(Extracted data entries)

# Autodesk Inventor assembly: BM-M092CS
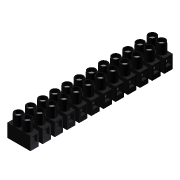
[picture p0: Inventor's stored thumbnail of the model, 180x180]
Saved by Autodesk Inventor 2012 (Build 160160000, 160)
## iProperties
Category: Electrical
Company: Autodesk Inc.
Created: 2008-12-26
Part Number: BM-M092CS
Document SubType Name: Assembly
Designer: Autodesk Inc.
Catalog Web Link: http://web5.automationdirect.com/static/specs/dinmounttb.pdf
Description: Direct Mount Terminal Block
Vendor: AutomationDirect
Author: Autodesk Inc.
## Documents named in this file (3)
- C:\Users\Antonella\Documents\GCC Robotics 2012 - Mechanical\Robot 2.0\Other Models\DirectMountTerminalBlock_AutomationDirect_BM-M092CS.iam
- C:\Users\Antonella\Documents\GCC Robotics 2012 - Mechanical\Robot 2.0\Other Models\DirectMountTerminalBlock_AutomationDirect_BM-M092CS.ipt
- C:\Users\Antonella\Documents\GCC Robotics 2012 - Mechanical\Robot 2.0\Other Models\ISO 1207 - M2.5 x 6.ipt
## Components (25 placed, 2 different names)
1. DirectMountTerminalBlock_AutomationDirect_BM-M092CS:1 — Insert:1
2. ISO 1207 M2.5 x 6:1 — Insert:1
3. ISO 1207 M2.5 x 6:2
4. ISO 1207 M2.5 x 6:3
5. ISO 1207 M2.5 x 6:4
6. ISO 1207 M2.5 x 6:5
7. ISO 1207 M2.5 x 6:6
8. ISO 1207 M2.5 x 6:7
9. ISO 1207 M2.5 x 6:8
10. ISO 1207 M2.5 x 6:9
11. ISO 1207 M2.5 x 6:10
12. ISO 1207 M2.5 x 6:11
13. ISO 1207 M2.5 x 6:12
14. ISO 1207 M2.5 x 6:13
15. ISO 1207 M2.5 x 6:14
16. ISO 1207 M2.5 x 6:15
17. ISO 1207 M2.5 x 6:16
18. ISO 1207 M2.5 x 6:17
19. ISO 1207 M2.5 x 6:18
20. ISO 1207 M2.5 x 6:19
21. ISO 1207 M2.5 x 6:20
22. ISO 1207 M2.5 x 6:21
23. ISO 1207 M2.5 x 6:22
24. ISO 1207 M2.5 x 6:23
25. ISO 1207 M2.5 x 6:24
## Component patterns: (24 elements, first: ISO 1207 M2.5 x 6:1)
## Relationships (1: Insert 1)
- Insert:1: DirectMountTerminalBlock_AutomationDirect_BM-M092CS:1 ↔ ISO 1207 M2.5 x 6:1

→ Problem description
A faithful copy of the records above, without images, is what to give back.

→ Solution to this problem
# Autodesk Inventor assembly: BM-M092CS
[picture p0: Inventor's stored thumbnail of the model, 180x180]
Saved by Autodesk Inventor 2012 (Build 160160000, 160)
## iProperties
Category: Electrical
Company: Autodesk Inc.
Created: 2008-12-26
Part Number: BM-M092CS
Document SubType Name: Assembly
Designer: Autodesk Inc.
Catalog Web Link: http://web5.automationdirect.com/static/specs/dinmounttb.pdf
Description: Direct Mount Terminal Block
Vendor: AutomationDirect
Author: Autodesk Inc.
## Documents named in this file (3)
- C:\Users\Antonella\Documents\GCC Robotics 2012 - Mechanical\Robot 2.0\Other Models\DirectMountTerminalBlock_AutomationDirect_BM-M092CS.iam
- C:\Users\Antonella\Documents\GCC Robotics 2012 - Mechanical\Robot 2.0\Other Models\DirectMountTerminalBlock_AutomationDirect_BM-M092CS.ipt
- C:\Users\Antonella\Documents\GCC Robotics 2012 - Mechanical\Robot 2.0\Other Models\ISO 1207 - M2.5 x 6.ipt
## Components (25 placed, 2 different names)
1. DirectMountTerminalBlock_AutomationDirect_BM-M092CS:1 — Insert:1
2. ISO 1207 M2.5 x 6:1 — Insert:1
3. ISO 1207 M2.5 x 6:2
4. ISO 1207 M2.5 x 6:3
5. ISO 1207 M2.5 x 6:4
6. ISO 1207 M2.5 x 6:5
7. ISO 1207 M2.5 x 6:6
8. ISO 1207 M2.5 x 6:7
9. ISO 1207 M2.5 x 6:8
10. ISO 1207 M2.5 x 6:9
11. ISO 1207 M2.5 x 6:10
12. ISO 1207 M2.5 x 6:11
13. ISO 1207 M2.5 x 6:12
14. ISO 1207 M2.5 x 6:13
15. ISO 1207 M2.5 x 6:14
16. ISO 1207 M2.5 x 6:15
17. ISO 1207 M2.5 x 6:16
18. ISO 1207 M2.5 x 6:17
19. ISO 1207 M2.5 x 6:18
20. ISO 1207 M2.5 x 6:19
21. ISO 1207 M2.5 x 6:20
22. ISO 1207 M2.5 x 6:21
23. ISO 1207 M2.5 x 6:22
24. ISO 1207 M2.5 x 6:23
25. ISO 1207 M2.5 x 6:24
## Component patterns: (24 elements, first: ISO 1207 M2.5 x 6:1)
## Relationships (1: Insert 1)
- Insert:1: DirectMountTerminalBlock_AutomationDirect_BM-M092CS:1 ↔ ISO 1207 M2.5 x 6:1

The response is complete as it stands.